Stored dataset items

"""

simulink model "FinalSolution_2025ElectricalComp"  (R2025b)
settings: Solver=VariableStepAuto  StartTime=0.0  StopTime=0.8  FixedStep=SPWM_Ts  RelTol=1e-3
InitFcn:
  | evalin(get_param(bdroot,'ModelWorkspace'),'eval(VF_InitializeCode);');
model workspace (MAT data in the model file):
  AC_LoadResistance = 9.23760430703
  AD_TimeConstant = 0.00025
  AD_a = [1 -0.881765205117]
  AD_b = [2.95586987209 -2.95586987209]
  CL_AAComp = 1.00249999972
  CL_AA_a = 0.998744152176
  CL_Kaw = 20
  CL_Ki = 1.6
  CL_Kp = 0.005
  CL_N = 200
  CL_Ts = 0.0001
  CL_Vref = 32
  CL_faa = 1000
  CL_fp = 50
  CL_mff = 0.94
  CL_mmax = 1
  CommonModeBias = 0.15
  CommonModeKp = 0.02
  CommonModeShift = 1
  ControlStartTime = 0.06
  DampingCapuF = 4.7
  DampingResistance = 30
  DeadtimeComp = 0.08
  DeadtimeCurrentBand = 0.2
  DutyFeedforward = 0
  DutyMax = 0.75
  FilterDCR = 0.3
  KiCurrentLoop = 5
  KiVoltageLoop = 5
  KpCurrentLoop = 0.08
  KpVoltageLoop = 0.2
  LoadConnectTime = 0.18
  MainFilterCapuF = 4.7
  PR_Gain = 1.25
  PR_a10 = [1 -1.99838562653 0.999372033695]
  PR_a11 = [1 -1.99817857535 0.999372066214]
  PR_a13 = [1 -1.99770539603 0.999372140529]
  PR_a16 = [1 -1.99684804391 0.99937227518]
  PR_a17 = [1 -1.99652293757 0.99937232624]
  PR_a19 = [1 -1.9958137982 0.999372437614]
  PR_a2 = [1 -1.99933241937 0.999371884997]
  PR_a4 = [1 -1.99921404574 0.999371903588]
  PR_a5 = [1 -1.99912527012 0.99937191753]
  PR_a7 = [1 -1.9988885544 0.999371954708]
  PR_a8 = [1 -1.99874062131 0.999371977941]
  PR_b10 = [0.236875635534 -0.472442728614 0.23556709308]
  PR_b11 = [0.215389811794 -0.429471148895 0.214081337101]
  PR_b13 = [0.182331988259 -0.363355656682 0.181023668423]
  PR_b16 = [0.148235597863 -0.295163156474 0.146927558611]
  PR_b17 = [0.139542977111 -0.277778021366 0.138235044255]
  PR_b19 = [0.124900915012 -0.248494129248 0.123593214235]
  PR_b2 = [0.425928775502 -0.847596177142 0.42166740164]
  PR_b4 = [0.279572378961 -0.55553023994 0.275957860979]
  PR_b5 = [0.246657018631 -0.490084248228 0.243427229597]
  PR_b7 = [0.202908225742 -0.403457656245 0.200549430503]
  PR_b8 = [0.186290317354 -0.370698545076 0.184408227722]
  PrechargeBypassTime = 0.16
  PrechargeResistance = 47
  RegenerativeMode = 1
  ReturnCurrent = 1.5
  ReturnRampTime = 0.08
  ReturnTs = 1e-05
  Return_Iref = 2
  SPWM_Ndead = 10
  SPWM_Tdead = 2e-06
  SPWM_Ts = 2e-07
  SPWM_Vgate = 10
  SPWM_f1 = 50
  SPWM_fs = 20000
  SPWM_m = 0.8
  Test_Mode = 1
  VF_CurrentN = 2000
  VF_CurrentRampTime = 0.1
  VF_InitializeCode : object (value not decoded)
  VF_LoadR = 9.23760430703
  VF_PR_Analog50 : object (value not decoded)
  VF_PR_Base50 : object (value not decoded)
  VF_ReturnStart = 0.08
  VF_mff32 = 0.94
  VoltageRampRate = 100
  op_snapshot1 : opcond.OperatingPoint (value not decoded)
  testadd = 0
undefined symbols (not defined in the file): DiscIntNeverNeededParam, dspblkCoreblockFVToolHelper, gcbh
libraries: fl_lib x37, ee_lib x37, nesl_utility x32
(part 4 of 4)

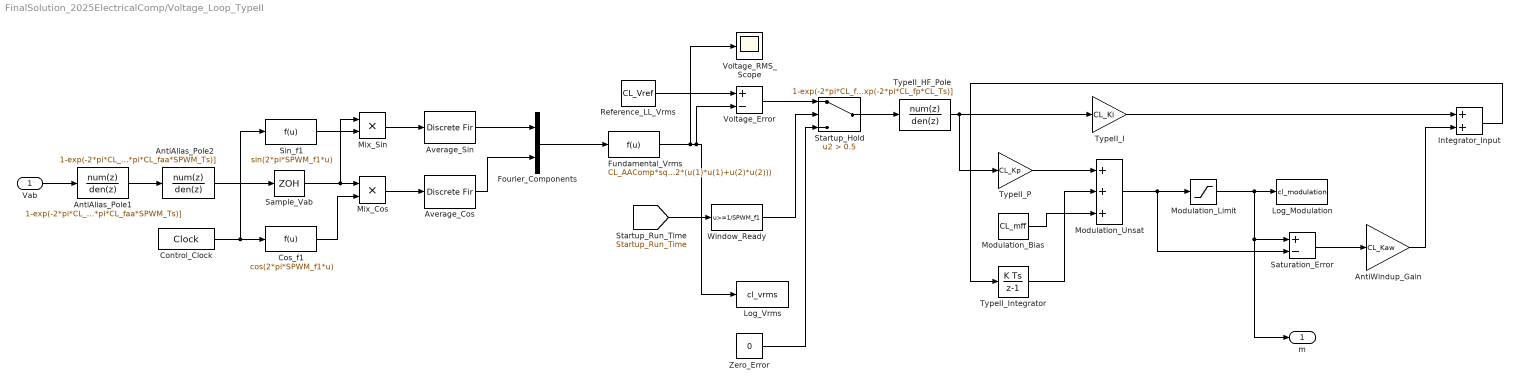
== system FinalSolution_2025ElectricalComp/Voltage_Loop_TypeII ==
  Vab : Inport
  AntiAlias_Pole1 : DiscreteTransferFcn  LoadFcn=dspblkCoreblockFVToolHelper(gcbh,'load');  Numerator=1-exp(-2*pi*CL_faa*SPWM_Ts)  Denominator=[1 -exp(-2*pi*CL_faa*SPWM_Ts)]  SampleTime=SPWM_Ts
      settings: CopyFcn=dspblkCoreblockFVToolHelper(gcbh,'copy');  DeleteFcn=dspblkCoreblockFVToolHelper(gcbh,'close');  ModelCloseFcn=dspblkCoreblockFVToolHelper(gcbh,'close');  PreSaveFcn=dspblkCoreblockFVToolHelper(gcbh,'presave');  PostSaveFcn=dspblkCoreblockFVToolHelper(gcbh,'postsave');  CloseFcn=dspblkCoreblockFVToolHelper(gcbh,'close');
  AntiAlias_Pole2 : DiscreteTransferFcn  LoadFcn=dspblkCoreblockFVToolHelper(gcbh,'load');  Numerator=1-exp(-2*pi*CL_faa*SPWM_Ts)  Denominator=[1 -exp(-2*pi*CL_faa*SPWM_Ts)]  SampleTime=SPWM_Ts
      settings: CopyFcn=dspblkCoreblockFVToolHelper(gcbh,'copy');  DeleteFcn=dspblkCoreblockFVToolHelper(gcbh,'close');  ModelCloseFcn=dspblkCoreblockFVToolHelper(gcbh,'close');  PreSaveFcn=dspblkCoreblockFVToolHelper(gcbh,'presave');  PostSaveFcn=dspblkCoreblockFVToolHelper(gcbh,'postsave');  CloseFcn=dspblkCoreblockFVToolHelper(gcbh,'close');
  AntiWindup_Gain : Gain  Gain=CL_Kaw
  Average_Cos : DiscreteFir  LoadFcn=dspblkCoreblockFVToolHelper(gcbh,'load');  Coefficients=ones(1,CL_N)/CL_N  SampleTime=CL_Ts
      settings: CopyFcn=dspblkCoreblockFVToolHelper(gcbh,'copy');  DeleteFcn=dspblkCoreblockFVToolHelper(gcbh,'close');  ModelCloseFcn=dspblkCoreblockFVToolHelper(gcbh,'close');  PreSaveFcn=dspblkCoreblockFVToolHelper(gcbh,'presave');  PostSaveFcn=dspblkCoreblockFVToolHelper(gcbh,'postsave');  CloseFcn=dspblkCoreblockFVToolHelper(gcbh,'close');
  Average_Sin : DiscreteFir  Coefficients=ones(1,CL_N)/CL_N  SampleTime=CL_Ts
  Control_Clock : DigitalClock  SampleTime=CL_Ts
  Cos_f1 : Fcn  Expr=cos(2*pi*SPWM_f1*u)
  Fourier_Components : Mux  Inputs=2
  Fundamental_Vrms : Fcn  Expr=CL_AAComp*sqrt(2*(u(1)*u(1)+u(2)*u(2)))
  Integrator_Input : Sum
  Log_Modulation : ToWorkspace  VariableName=cl_modulation  SaveFormat=Timeseries  SampleTime=CL_Ts
  Log_Vrms : ToWorkspace  VariableName=cl_vrms  SaveFormat=Timeseries  SampleTime=CL_Ts
  Mix_Cos : Product
  Mix_Sin : Product
  Modulation_Bias : Constant  Value=CL_mff
  Modulation_Limit : Saturate  UpperLimit=CL_mmax  LowerLimit=0
  Modulation_Unsat : Sum  Inputs=+++
  Reference_LL_Vrms : Constant  Value=CL_Vref
  Sample_Vab : ZeroOrderHold  SampleTime=CL_Ts
  Saturation_Error : Sum  Inputs=+-
  Sin_f1 : Fcn  Expr=sin(2*pi*SPWM_f1*u)
  Startup_Hold : Switch  Criteria=u2 > Threshold  Threshold=0.5  SaturateOnIntegerOverflow=off  InputSameDT=off
  TypeII_HF_Pole : DiscreteTransferFcn  LoadFcn=dspblkCoreblockFVToolHelper(gcbh,'load');  Numerator=1-exp(-2*pi*CL_fp*CL_Ts)  Denominator=[1 -exp(-2*pi*CL_fp*CL_Ts)]  SampleTime=CL_Ts
      settings: CopyFcn=dspblkCoreblockFVToolHelper(gcbh,'copy');  DeleteFcn=dspblkCoreblockFVToolHelper(gcbh,'close');  ModelCloseFcn=dspblkCoreblockFVToolHelper(gcbh,'close');  PreSaveFcn=dspblkCoreblockFVToolHelper(gcbh,'presave');  PostSaveFcn=dspblkCoreblockFVToolHelper(gcbh,'postsave');  CloseFcn=dspblkCoreblockFVToolHelper(gcbh,'close');
  TypeII_I : Gain  Gain=CL_Ki
  TypeII_Integrator : DiscreteIntegrator  SampleTime=CL_Ts  ICPrevOutput=DiscIntNeverNeededParam  ICPrevScaledInput=DiscIntNeverNeededParam
  TypeII_P : Gain  Gain=CL_Kp
  Voltage_Error : Sum  Inputs=+-
  Voltage_RMS_Scope : Scope
      settings: TimeSpan=0.45  ActiveDisplayYMinimum=0  ActiveDisplayYMaximum=36
  Window_Ready : Fcn  Expr=u>=1/SPWM_f1
  Zero_Error : Constant  Value=0
  m : Outport
  wires:
  AntiAlias_Pole2/1 -> Sample_Vab/1
  AntiAlias_Pole1/1 -> AntiAlias_Pole2/1
  Vab/1 -> AntiAlias_Pole1/1
  Fundamental_Vrms/1 -> Log_Vrms/1, Voltage_Error/2, Voltage_RMS_Scope/1
  Mix_Sin/1 -> Average_Sin/1
  Cos_f1/1 -> Mix_Cos/2
  Control_Clock/1 -> Sin_f1/1, Cos_f1/1
  Sample_Vab/1 -> Mix_Sin/1, Mix_Cos/1
  TypeII_HF_Pole/1 -> TypeII_P/1, TypeII_I/1
  Sin_f1/1 -> Mix_Sin/2
  Integrator_Input/1 -> TypeII_Integrator/1
  Average_Sin/1 -> Fourier_Components/1
  Mix_Cos/1 -> Average_Cos/1
  Average_Cos/1 -> Fourier_Components/2
  Fourier_Components/1 -> Fundamental_Vrms/1
  Reference_LL_Vrms/1 -> Voltage_Error/1
  Saturation_Error/1 -> AntiWindup_Gain/1
  TypeII_P/1 -> Modulation_Unsat/1
  Modulation_Bias/1 -> Modulation_Unsat/3
  TypeII_Integrator/1 -> Modulation_Unsat/2
  Modulation_Unsat/1 -> Saturation_Error/2, Modulation_Limit/1
  TypeII_I/1 -> Integrator_Input/1
  Modulation_Limit/1 -> m/1, Saturation_Error/1, Log_Modulation/1
  AntiWindup_Gain/1 -> Integrator_Input/2
  [Startup_Run_Time] -> Window_Ready/1
  Startup_Hold/1 -> TypeII_HF_Pole/1
  Zero_Error/1 -> Startup_Hold/3
  Voltage_Error/1 -> Startup_Hold/1
  Window_Ready/1 -> Startup_Hold/2

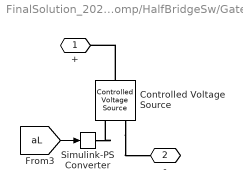
== system FinalSolution_2025ElectricalComp/HalfBridgeSw/GateDri ==
  Controlled Voltage Source : fl_lib/Electrical/Electrical Sources/Controlled Voltage Source
  Simulink-PS Converter : nesl_utility/Simulink-PS Converter  PhysicalDomain=network_engine_domain  SubClassName=ps_input  LeftPortType=input  RightPortType=output  PseudoPeriodic=off  Frequencies=[]  NoiseDistribution=none  NoiseParameters=[]  Unit=1  AffineConversion=off  FilteringAndDerivatives=provide  SimscapeFilterOrder=1  InputFilterTimeConstant=0.001  UdotUserProvided=0
  + : PMIOPort  Side=Left
  - : PMIOPort  Port=2  Side=Right
  wires:
  [aL] -> Simulink-PS Converter/1
  connections:
  Controlled Voltage Source/LConn1 -- +/RConn1
  Simulink-PS Converter/RConn1 -- Controlled Voltage Source/RConn1
  Controlled Voltage Source/RConn2 -- -/RConn1

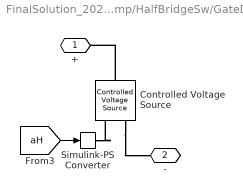
== system FinalSolution_2025ElectricalComp/HalfBridgeSw/GateDri1 ==
  Controlled Voltage Source : fl_lib/Electrical/Electrical Sources/Controlled Voltage Source
  Simulink-PS Converter : nesl_utility/Simulink-PS Converter  PhysicalDomain=network_engine_domain  SubClassName=ps_input  LeftPortType=input  RightPortType=output  PseudoPeriodic=off  Frequencies=[]  NoiseDistribution=none  NoiseParameters=[]  Unit=1  AffineConversion=off  FilteringAndDerivatives=provide  SimscapeFilterOrder=1  InputFilterTimeConstant=0.001  UdotUserProvided=0
  + : PMIOPort  Side=Left
  - : PMIOPort  Port=2  Side=Right
  wires:
  [aH] -> Simulink-PS Converter/1
  connections:
  Controlled Voltage Source/RConn2 -- -/RConn1
  Simulink-PS Converter/RConn1 -- Controlled Voltage Source/RConn1
  Controlled Voltage Source/LConn1 -- +/RConn1

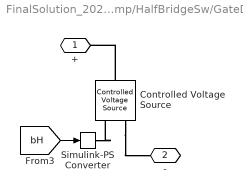
== system FinalSolution_2025ElectricalComp/HalfBridgeSw/GateDri2 ==
  Controlled Voltage Source : fl_lib/Electrical/Electrical Sources/Controlled Voltage Source
  Simulink-PS Converter : nesl_utility/Simulink-PS Converter  PhysicalDomain=network_engine_domain  SubClassName=ps_input  LeftPortType=input  RightPortType=output  PseudoPeriodic=off  Frequencies=[]  NoiseDistribution=none  NoiseParameters=[]  Unit=1  AffineConversion=off  FilteringAndDerivatives=provide  SimscapeFilterOrder=1  InputFilterTimeConstant=0.001  UdotUserProvided=0
  + : PMIOPort  Side=Left
  - : PMIOPort  Port=2  Side=Right
  wires:
  [bH] -> Simulink-PS Converter/1
  connections:
  Controlled Voltage Source/LConn1 -- +/RConn1
  Simulink-PS Converter/RConn1 -- Controlled Voltage Source/RConn1
  Controlled Voltage Source/RConn2 -- -/RConn1

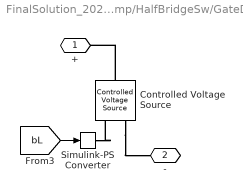
== system FinalSolution_2025ElectricalComp/HalfBridgeSw/GateDri3 ==
  Controlled Voltage Source : fl_lib/Electrical/Electrical Sources/Controlled Voltage Source
  Simulink-PS Converter : nesl_utility/Simulink-PS Converter  PhysicalDomain=network_engine_domain  SubClassName=ps_input  LeftPortType=input  RightPortType=output  PseudoPeriodic=off  Frequencies=[]  NoiseDistribution=none  NoiseParameters=[]  Unit=1  AffineConversion=off  FilteringAndDerivatives=provide  SimscapeFilterOrder=1  InputFilterTimeConstant=0.001  UdotUserProvided=0
  + : PMIOPort  Side=Left
  - : PMIOPort  Port=2  Side=Right
  wires:
  [bL] -> Simulink-PS Converter/1
  connections:
  Controlled Voltage Source/RConn2 -- -/RConn1
  Simulink-PS Converter/RConn1 -- Controlled Voltage Source/RConn1
  Controlled Voltage Source/LConn1 -- +/RConn1

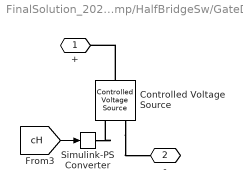
== system FinalSolution_2025ElectricalComp/HalfBridgeSw/GateDri4 ==
  Controlled Voltage Source : fl_lib/Electrical/Electrical Sources/Controlled Voltage Source
  Simulink-PS Converter : nesl_utility/Simulink-PS Converter  PhysicalDomain=network_engine_domain  SubClassName=ps_input  LeftPortType=input  RightPortType=output  PseudoPeriodic=off  Frequencies=[]  NoiseDistribution=none  NoiseParameters=[]  Unit=1  AffineConversion=off  FilteringAndDerivatives=provide  SimscapeFilterOrder=1  InputFilterTimeConstant=0.001  UdotUserProvided=0
  + : PMIOPort  Side=Left
  - : PMIOPort  Port=2  Side=Right
  wires:
  [cH] -> Simulink-PS Converter/1
  connections:
  Controlled Voltage Source/RConn2 -- -/RConn1
  Simulink-PS Converter/RConn1 -- Controlled Voltage Source/RConn1
  Controlled Voltage Source/LConn1 -- +/RConn1

== system FinalSolution_2025ElectricalComp/HalfBridgeSw/GateDri5 ==
  Controlled Voltage Source : fl_lib/Electrical/Electrical Sources/Controlled Voltage Source
  Simulink-PS Converter : nesl_utility/Simulink-PS Converter  PhysicalDomain=network_engine_domain  SubClassName=ps_input  LeftPortType=input  RightPortType=output  PseudoPeriodic=off  Frequencies=[]  NoiseDistribution=none  NoiseParameters=[]  Unit=1  AffineConversion=off  FilteringAndDerivatives=provide  SimscapeFilterOrder=1  InputFilterTimeConstant=0.001  UdotUserProvided=0
  + : PMIOPort  Side=Left
  - : PMIOPort  Port=2  Side=Right
  wires:
  [cL] -> Simulink-PS Converter/1
  connections:
  Controlled Voltage Source/LConn1 -- +/RConn1
  Simulink-PS Converter/RConn1 -- Controlled Voltage Source/RConn1
  Controlled Voltage Source/RConn2 -- -/RConn1

"""

Copy from the entries only those lines that hold the word "SaveFormat".

Written response
  Log_Modulation : ToWorkspace  VariableName=cl_modulation  SaveFormat=Timeseries  SampleTime=CL_Ts
  Log_Vrms : ToWorkspace  VariableName=cl_vrms  SaveFormat=Timeseries  SampleTime=CL_Ts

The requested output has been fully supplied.